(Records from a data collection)
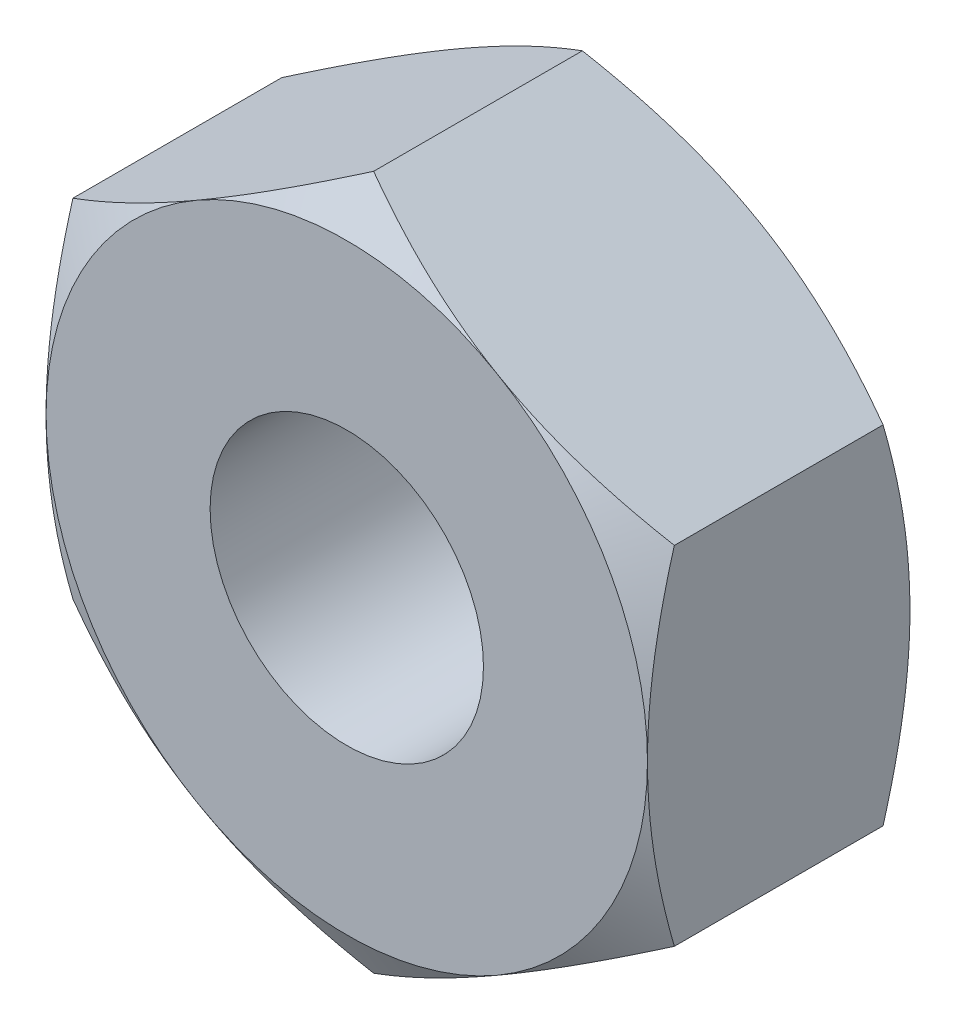
ISO-10303-21;
HEADER;
FILE_DESCRIPTION(('STEP AP214'),'2;1');
FILE_NAME('part.step','',(''),(''),'','','');
FILE_SCHEMA(('AUTOMOTIVE_DESIGN { 1 0 10303 214 1 1 1 1 }'));
ENDSEC;
DATA;
#1=APPLICATION_CONTEXT('core data for automotive mechanical design processes');
#2=APPLICATION_PROTOCOL_DEFINITION('international standard','automotive_design',2000,#1);
#3=PRODUCT_CONTEXT('',#1,'mechanical');
#4=PRODUCT('Part','Part','',(#3));
#5=PRODUCT_RELATED_PRODUCT_CATEGORY('part','',(#4));
#6=PRODUCT_DEFINITION_FORMATION('','',#4);
#7=PRODUCT_DEFINITION_CONTEXT('part definition',#1,'design');
#8=PRODUCT_DEFINITION('design','',#6,#7);
#9=PRODUCT_DEFINITION_SHAPE('','',#8);
#10=(LENGTH_UNIT() NAMED_UNIT(*) SI_UNIT(.MILLI.,.METRE.));
#11=(NAMED_UNIT(*) PLANE_ANGLE_UNIT() SI_UNIT($,.RADIAN.));
#12=(NAMED_UNIT(*) SI_UNIT($,.STERADIAN.) SOLID_ANGLE_UNIT());
#13=UNCERTAINTY_MEASURE_WITH_UNIT(LENGTH_MEASURE(1.E-05),#10,'distance_accuracy_value','');
#14=(GEOMETRIC_REPRESENTATION_CONTEXT(3) GLOBAL_UNCERTAINTY_ASSIGNED_CONTEXT((#13)) GLOBAL_UNIT_ASSIGNED_CONTEXT((#10,
#11,#12)) REPRESENTATION_CONTEXT('',''));
#15=CARTESIAN_POINT('',(0.,0.,0.));
#16=DIRECTION('',(0.,0.,1.));
#17=DIRECTION('',(1.,0.,0.));
#18=AXIS2_PLACEMENT_3D('',#15,#16,#17);
#19=CARTESIAN_POINT('',(0.,3.17542648054294,1.2));
#20=DIRECTION('',(0.5,-0.866025403784439,0.));
#21=DIRECTION('',(0.866025403784439,0.5,0.));
#22=AXIS2_PLACEMENT_3D('',#19,#20,#21);
#23=PLANE('',#22);
#24=CARTESIAN_POINT('',(0.000200000000000115,3.17554195059678,0.954313236635245));
#25=CARTESIAN_POINT('',(-0.120649220659906,3.10576962051743,0.994612337750741));
#26=CARTESIAN_POINT('',(-0.242541602622633,3.03539502097908,1.03126309740234));
#27=CARTESIAN_POINT('',(-0.488437126727892,2.89342717394439,1.0952378170302));
#28=CARTESIAN_POINT('',(-0.612444638573855,2.82183140359858,1.12253914432551));
#29=CARTESIAN_POINT('',(-0.858922797975943,2.67952717191842,1.16503825470589));
#30=CARTESIAN_POINT('',(-0.981355518587416,2.60884060771577,1.18051888137754));
#31=CARTESIAN_POINT('',(-1.22679714236891,2.46713482015519,1.19900060263006));
#32=CARTESIAN_POINT('',(-1.34980515323291,2.39611611197038,1.2020170005374));
#33=CARTESIAN_POINT('',(-1.57965878661079,2.26341005486544,1.19574685457145));
#34=CARTESIAN_POINT('',(-1.68653879125402,2.20170285541369,1.1879998457233));
#35=CARTESIAN_POINT('',(-1.89960246733475,2.07869048467395,1.16344481893565));
#36=CARTESIAN_POINT('',(-2.00578540164889,2.01738573896433,1.14662841034943));
#37=CARTESIAN_POINT('',(-2.21928848939318,1.89411967378235,1.10458807765405));
#38=CARTESIAN_POINT('',(-2.32658161614286,1.83217395817123,1.07918591931277));
#39=CARTESIAN_POINT('',(-2.53956747928405,1.70920651275308,1.02153277416002));
#40=CARTESIAN_POINT('',(-2.64526294502665,1.64818320715446,0.98929533670102));
#41=CARTESIAN_POINT('',(-2.7502,1.58759777021763,0.954313236635243));
#42=B_SPLINE_CURVE_WITH_KNOTS('',3,(#24,#25,#26,#27,#28,#29,#30,#31,#32,#33,#34,#35,#36,#37,#38,
#39,#40,#41),.UNSPECIFIED.,.F.,.F.,(4,2,2,2,2,2,2,2,4),(0.,0.435912828725888,0.872873557116331,
1.29901931904671,1.72464171213573,2.09526089052937,2.46622354066374,2.84541551798557,
3.22386274754524),.UNSPECIFIED.);
#43=CARTESIAN_POINT('',(0.,3.17542648054294,0.954379906938143));
#44=VERTEX_POINT('',#43);
#45=CARTESIAN_POINT('',(-1.375,2.38156986040721,1.2));
#46=VERTEX_POINT('',#45);
#47=EDGE_CURVE('E128',#44,#46,#42,.T.);
#48=ORIENTED_EDGE('',*,*,#47,.F.);
#49=DIRECTION('',(0.,0.,-1.));
#50=VECTOR('',#49,1.);
#51=CARTESIAN_POINT('',(0.,3.17542648054294,1.2));
#52=LINE('',#51,#50);
#53=CARTESIAN_POINT('',(0.,3.17542648054294,-0.954379906938143));
#54=VERTEX_POINT('',#53);
#55=EDGE_CURVE('E244',#44,#54,#52,.T.);
#56=ORIENTED_EDGE('',*,*,#55,.T.);
#57=CARTESIAN_POINT('',(-2.7502,1.58759777021763,-0.954313236635243));
#58=CARTESIAN_POINT('',(-2.6293507793401,1.65737010029699,-0.99461233775074));
#59=CARTESIAN_POINT('',(-2.50745839737737,1.72774469983533,-1.03126309740234));
#60=CARTESIAN_POINT('',(-2.26156287327211,1.86971254687003,-1.0952378170302));
#61=CARTESIAN_POINT('',(-2.13755536142615,1.94130831721583,-1.1225391443255));
#62=CARTESIAN_POINT('',(-1.89107720202406,2.08361254889599,-1.16503825470588));
#63=CARTESIAN_POINT('',(-1.76864448141259,2.15429911309864,-1.18051888137754));
#64=CARTESIAN_POINT('',(-1.52320285763109,2.29600490065923,-1.19900060263006));
#65=CARTESIAN_POINT('',(-1.40019484676709,2.36702360884404,-1.2020170005374));
#66=CARTESIAN_POINT('',(-1.17034121338921,2.49972966594897,-1.19574685457146));
#67=CARTESIAN_POINT('',(-1.06346120874598,2.56143686540072,-1.1879998457233));
#68=CARTESIAN_POINT('',(-0.850397532665252,2.68444923614046,-1.16344481893565));
#69=CARTESIAN_POINT('',(-0.744214598351113,2.74575398185008,-1.14662841034943));
#70=CARTESIAN_POINT('',(-0.530711510606817,2.86902004703206,-1.10458807765405));
#71=CARTESIAN_POINT('',(-0.423418383857146,2.93096576264318,-1.07918591931277));
#72=CARTESIAN_POINT('',(-0.210432520715949,3.05393320806134,-1.02153277416002));
#73=CARTESIAN_POINT('',(-0.104737054973348,3.11495651365995,-0.989295336701022));
#74=CARTESIAN_POINT('',(0.000199999999999903,3.17554195059678,-0.954313236635244));
#75=B_SPLINE_CURVE_WITH_KNOTS('',3,(#57,#58,#59,#60,#61,#62,#63,#64,#65,#66,#67,#68,#69,#70,#71,
#72,#73,#74),.UNSPECIFIED.,.F.,.F.,(4,2,2,2,2,2,2,2,4),(0.,0.435912828725888,0.872873557116332,
1.29901931904671,1.72464171213573,2.09526089052937,2.46622354066374,2.84541551798557,
3.22386274754524),.UNSPECIFIED.);
#76=CARTESIAN_POINT('',(-1.375,2.38156986040721,-1.2));
#77=VERTEX_POINT('',#76);
#78=EDGE_CURVE('E293',#77,#54,#75,.T.);
#79=ORIENTED_EDGE('',*,*,#78,.F.);
#80=CARTESIAN_POINT('',(-2.75,1.58771324027147,-0.954379906938141));
#81=VERTEX_POINT('',#80);
#82=EDGE_CURVE('E301',#81,#77,#75,.T.);
#83=ORIENTED_EDGE('',*,*,#82,.F.);
#84=DIRECTION('',(0.,0.,-1.));
#85=VECTOR('',#84,1.);
#86=CARTESIAN_POINT('',(-2.75,1.58771324027147,1.2));
#87=LINE('',#86,#85);
#88=CARTESIAN_POINT('',(-2.75,1.58771324027147,0.954379906938141));
#89=VERTEX_POINT('',#88);
#90=EDGE_CURVE('E153',#89,#81,#87,.T.);
#91=ORIENTED_EDGE('',*,*,#90,.F.);
#92=EDGE_CURVE('E138',#46,#89,#42,.T.);
#93=ORIENTED_EDGE('',*,*,#92,.F.);
#94=EDGE_LOOP('',(#48,#56,#79,#83,#91,#93));
#95=FACE_BOUND('',#94,.T.);
#96=ADVANCED_FACE('F39',(#95),#23,.F.);
#97=CARTESIAN_POINT('',(-2.75,1.58771324027147,1.2));
#98=DIRECTION('',(1.,0.,0.));
#99=DIRECTION('',(0.,0.,-1.));
#100=AXIS2_PLACEMENT_3D('',#97,#98,#99);
#101=PLANE('',#100);
#102=CARTESIAN_POINT('',(-2.75,-4.30390301720216,-0.161076408690825));
#103=CARTESIAN_POINT('',(-2.75,-4.1834618363452,-0.102495462412647));
#104=CARTESIAN_POINT('',(-2.75,-4.06274834693833,-0.0444649946514505));
#105=CARTESIAN_POINT('',(-2.75,-3.82063209362876,0.0701861633603225));
#106=CARTESIAN_POINT('',(-2.75,-3.69922922817271,0.12680663891875));
#107=CARTESIAN_POINT('',(-2.75,-3.45498258352454,0.238605553593622));
#108=CARTESIAN_POINT('',(-2.75,-3.33213458050114,0.293774796098197));
#109=CARTESIAN_POINT('',(-2.75,-3.08547511508713,0.401907353546489));
#110=CARTESIAN_POINT('',(-2.75,-2.96166369739842,0.454870770123445));
#111=CARTESIAN_POINT('',(-2.75,-2.70873002170823,0.559731360531962));
#112=CARTESIAN_POINT('',(-2.75,-2.57956837503774,0.611534033727797));
#113=CARTESIAN_POINT('',(-2.75,-2.31974843728982,0.711312632694167));
#114=CARTESIAN_POINT('',(-2.75,-2.18908998221549,0.759288134467299));
#115=CARTESIAN_POINT('',(-2.75,-1.92630078982468,0.850181497874806));
#116=CARTESIAN_POINT('',(-2.75,-1.79417351465793,0.893109270571249));
#117=CARTESIAN_POINT('',(-2.75,-1.52802381114183,0.972555534531204));
#118=CARTESIAN_POINT('',(-2.75,-1.39400198148737,1.00907600370373));
#119=CARTESIAN_POINT('',(-2.75,-1.12474260519898,1.07378343729291));
#120=CARTESIAN_POINT('',(-2.75,-0.989516518476871,1.10201722216619));
#121=CARTESIAN_POINT('',(-2.75,-0.717342133540319,1.14858513052452));
#122=CARTESIAN_POINT('',(-2.75,-0.580394010715088,1.16692025396292));
#123=CARTESIAN_POINT('',(-2.75,-0.307264223292279,1.19198982834035));
#124=CARTESIAN_POINT('',(-2.75,-0.171096876658462,1.19887642876326));
#125=CARTESIAN_POINT('',(-2.75,0.101336625312924,1.20086815686916));
#126=CARTESIAN_POINT('',(-2.75,0.237602781705802,1.19597315681278));
#127=CARTESIAN_POINT('',(-2.75,0.46779768056081,1.17810232782277));
#128=CARTESIAN_POINT('',(-2.75,0.56196791548098,1.16804522235862));
#129=CARTESIAN_POINT('',(-2.75,0.74964222683461,1.14290982744913));
#130=CARTESIAN_POINT('',(-2.75,0.843146215373602,1.12783088758259));
#131=CARTESIAN_POINT('',(-2.75,1.12250913895,1.07584910895221));
#132=CARTESIAN_POINT('',(-2.75,1.30711940645784,1.03221009052056));
#133=CARTESIAN_POINT('',(-2.75,1.67667658210247,0.930598702582575));
#134=CARTESIAN_POINT('',(-2.75,1.86153763251195,0.87232596653373));
#135=CARTESIAN_POINT('',(-2.75,2.13625516693807,0.777677043706168));
#136=CARTESIAN_POINT('',(-2.75,2.22739058019847,0.744924041754434));
#137=CARTESIAN_POINT('',(-2.75,2.4089035897785,0.677382180856421));
#138=CARTESIAN_POINT('',(-2.75,2.4992811965008,0.642593349909108));
#139=CARTESIAN_POINT('',(-2.75,2.71825345258541,0.555929422896265));
#140=CARTESIAN_POINT('',(-2.75,2.84649489461476,0.503164300130324));
#141=CARTESIAN_POINT('',(-2.75,3.10183054994608,0.394920499569379));
#142=CARTESIAN_POINT('',(-2.75,3.22892468521508,0.339441638824839));
#143=CARTESIAN_POINT('',(-2.75,3.60884508520039,0.169807317208292));
#144=CARTESIAN_POINT('',(-2.75,3.8602516138296,0.0524776136912291));
#145=CARTESIAN_POINT('',(-2.75,4.36073216273548,-0.187701259786182));
#146=CARTESIAN_POINT('',(-2.75,4.6098032281523,-0.310556513491418));
#147=CARTESIAN_POINT('',(-2.75,5.1061163633384,-0.559922515280692));
#148=CARTESIAN_POINT('',(-2.75,5.35335836018185,-0.68643340814069));
#149=CARTESIAN_POINT('',(-2.75,5.82470677893945,-0.930706625425081));
#150=CARTESIAN_POINT('',(-2.75,6.04892545541805,-1.04825313857292));
#151=CARTESIAN_POINT('',(-2.75,6.49653363605935,-1.28493475206167));
#152=CARTESIAN_POINT('',(-2.75,6.71992310596419,-1.40406991712259));
#153=CARTESIAN_POINT('',(-2.75,7.16544823954543,-1.64321658337446));
#154=CARTESIAN_POINT('',(-2.75,7.38758566096619,-1.76322481484966));
#155=CARTESIAN_POINT('',(-2.75,7.8313334660235,-2.00418017005897));
#156=CARTESIAN_POINT('',(-2.75,8.0529438808444,-2.12512723633799));
#157=CARTESIAN_POINT('',(-2.75,8.27436218409947,-2.2464225529458));
#158=B_SPLINE_CURVE_WITH_KNOTS('',3,(#102,#103,#104,#105,#106,#107,#108,#109,#110,#111,#112,
#113,#114,#115,#116,#117,#118,#119,#120,#121,#122,#123,#124,#125,#126,#127,#128,#129,#130,#131,
#132,#133,#134,#135,#136,#137,#138,#139,#140,#141,#142,#143,#144,#145,#146,#147,#148,#149,#150,
#151,#152,#153,#154,#155,#156,#157),.UNSPECIFIED.,.F.,.F.,(4,2,2,2,2,2,2,2,2,2,2,2,2,2,2,2,2,2,
2,2,2,2,2,2,2,2,2,4),(0.,0.401800999438941,0.803662809496805,1.20764727157332,1.61161309946234,
2.0290542035636,2.44654149029701,2.8631948591784,3.27971938165083,3.69384308413973,
4.10792494441568,4.51645837884842,4.92499624273406,5.20897756068266,5.49299567382171,
6.06133052851019,6.64245100592875,6.93295892589164,7.22346285140748,7.63943779361217,
8.05544081796505,8.8876337420945,9.72076650036479,10.553932298919,11.3134121306103,
12.0729229978169,12.8303656683844,13.5877623445884),.UNSPECIFIED.);
#159=CARTESIAN_POINT('',(-2.75,0.,1.2));
#160=VERTEX_POINT('',#159);
#161=EDGE_CURVE('E144',#89,#160,#158,.F.);
#162=ORIENTED_EDGE('',*,*,#161,.F.);
#163=ORIENTED_EDGE('',*,*,#90,.T.);
#164=CARTESIAN_POINT('',(-2.75,-4.30390301720192,0.161076408690709));
#165=CARTESIAN_POINT('',(-2.75,-4.18346183634496,0.102495462412532));
#166=CARTESIAN_POINT('',(-2.75,-4.0627483469381,0.0444649946513373));
#167=CARTESIAN_POINT('',(-2.75,-3.82063209362853,-0.0701861633604315));
#168=CARTESIAN_POINT('',(-2.75,-3.69922922817248,-0.126806638918857));
#169=CARTESIAN_POINT('',(-2.75,-3.45498258352431,-0.238605553593725));
#170=CARTESIAN_POINT('',(-2.75,-3.33213458050091,-0.293774796098297));
#171=CARTESIAN_POINT('',(-2.75,-3.08547511508691,-0.401907353546585));
#172=CARTESIAN_POINT('',(-2.75,-2.9616636973982,-0.454870770123538));
#173=CARTESIAN_POINT('',(-2.75,-2.70873002170802,-0.559731360532049));
#174=CARTESIAN_POINT('',(-2.75,-2.57956837503753,-0.611534033727881));
#175=CARTESIAN_POINT('',(-2.75,-2.31974843728962,-0.711312632694245));
#176=CARTESIAN_POINT('',(-2.75,-2.18908998221528,-0.759288134467373));
#177=CARTESIAN_POINT('',(-2.75,-1.92630078982448,-0.850181497874872));
#178=CARTESIAN_POINT('',(-2.75,-1.79417351465773,-0.893109270571312));
#179=CARTESIAN_POINT('',(-2.75,-1.52802381114163,-0.972555534531259));
#180=CARTESIAN_POINT('',(-2.75,-1.39400198148718,-1.00907600370378));
#181=CARTESIAN_POINT('',(-2.75,-1.1247426051988,-1.07378343729295));
#182=CARTESIAN_POINT('',(-2.75,-0.98951651847669,-1.10201722216622));
#183=CARTESIAN_POINT('',(-2.75,-0.717342133540144,-1.14858513052455));
#184=CARTESIAN_POINT('',(-2.75,-0.580394010714915,-1.16692025396294));
#185=CARTESIAN_POINT('',(-2.75,-0.307264223292112,-1.19198982834036));
#186=CARTESIAN_POINT('',(-2.75,-0.171096876658298,-1.19887642876326));
#187=CARTESIAN_POINT('',(-2.75,0.101336625313081,-1.20086815686916));
#188=CARTESIAN_POINT('',(-2.75,0.237602781705956,-1.19597315681277));
#189=CARTESIAN_POINT('',(-2.75,0.467797680560964,-1.17810232782276));
#190=CARTESIAN_POINT('',(-2.75,0.561967915481139,-1.1680452223586));
#191=CARTESIAN_POINT('',(-2.75,0.749642226834777,-1.14290982744911));
#192=CARTESIAN_POINT('',(-2.75,0.843146215373774,-1.12783088758256));
#193=CARTESIAN_POINT('',(-2.75,1.12250913895018,-1.07584910895217));
#194=CARTESIAN_POINT('',(-2.75,1.30711940645803,-1.03221009052051));
#195=CARTESIAN_POINT('',(-2.75,1.67667658210268,-0.930598702582513));
#196=CARTESIAN_POINT('',(-2.75,1.86153763251216,-0.87232596653366));
#197=CARTESIAN_POINT('',(-2.75,2.1362551669383,-0.777677043706087));
#198=CARTESIAN_POINT('',(-2.75,2.2273905801987,-0.74492404175435));
#199=CARTESIAN_POINT('',(-2.75,2.40890358977874,-0.677382180856329));
#200=CARTESIAN_POINT('',(-2.75,2.49928119650105,-0.642593349909013));
#201=CARTESIAN_POINT('',(-2.75,2.71825345258565,-0.555929422896168));
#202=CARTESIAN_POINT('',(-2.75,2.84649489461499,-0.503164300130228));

Your task:
Please say how many lines in the records above contain the word "mechanical", giving the number alone.

The completed task:
2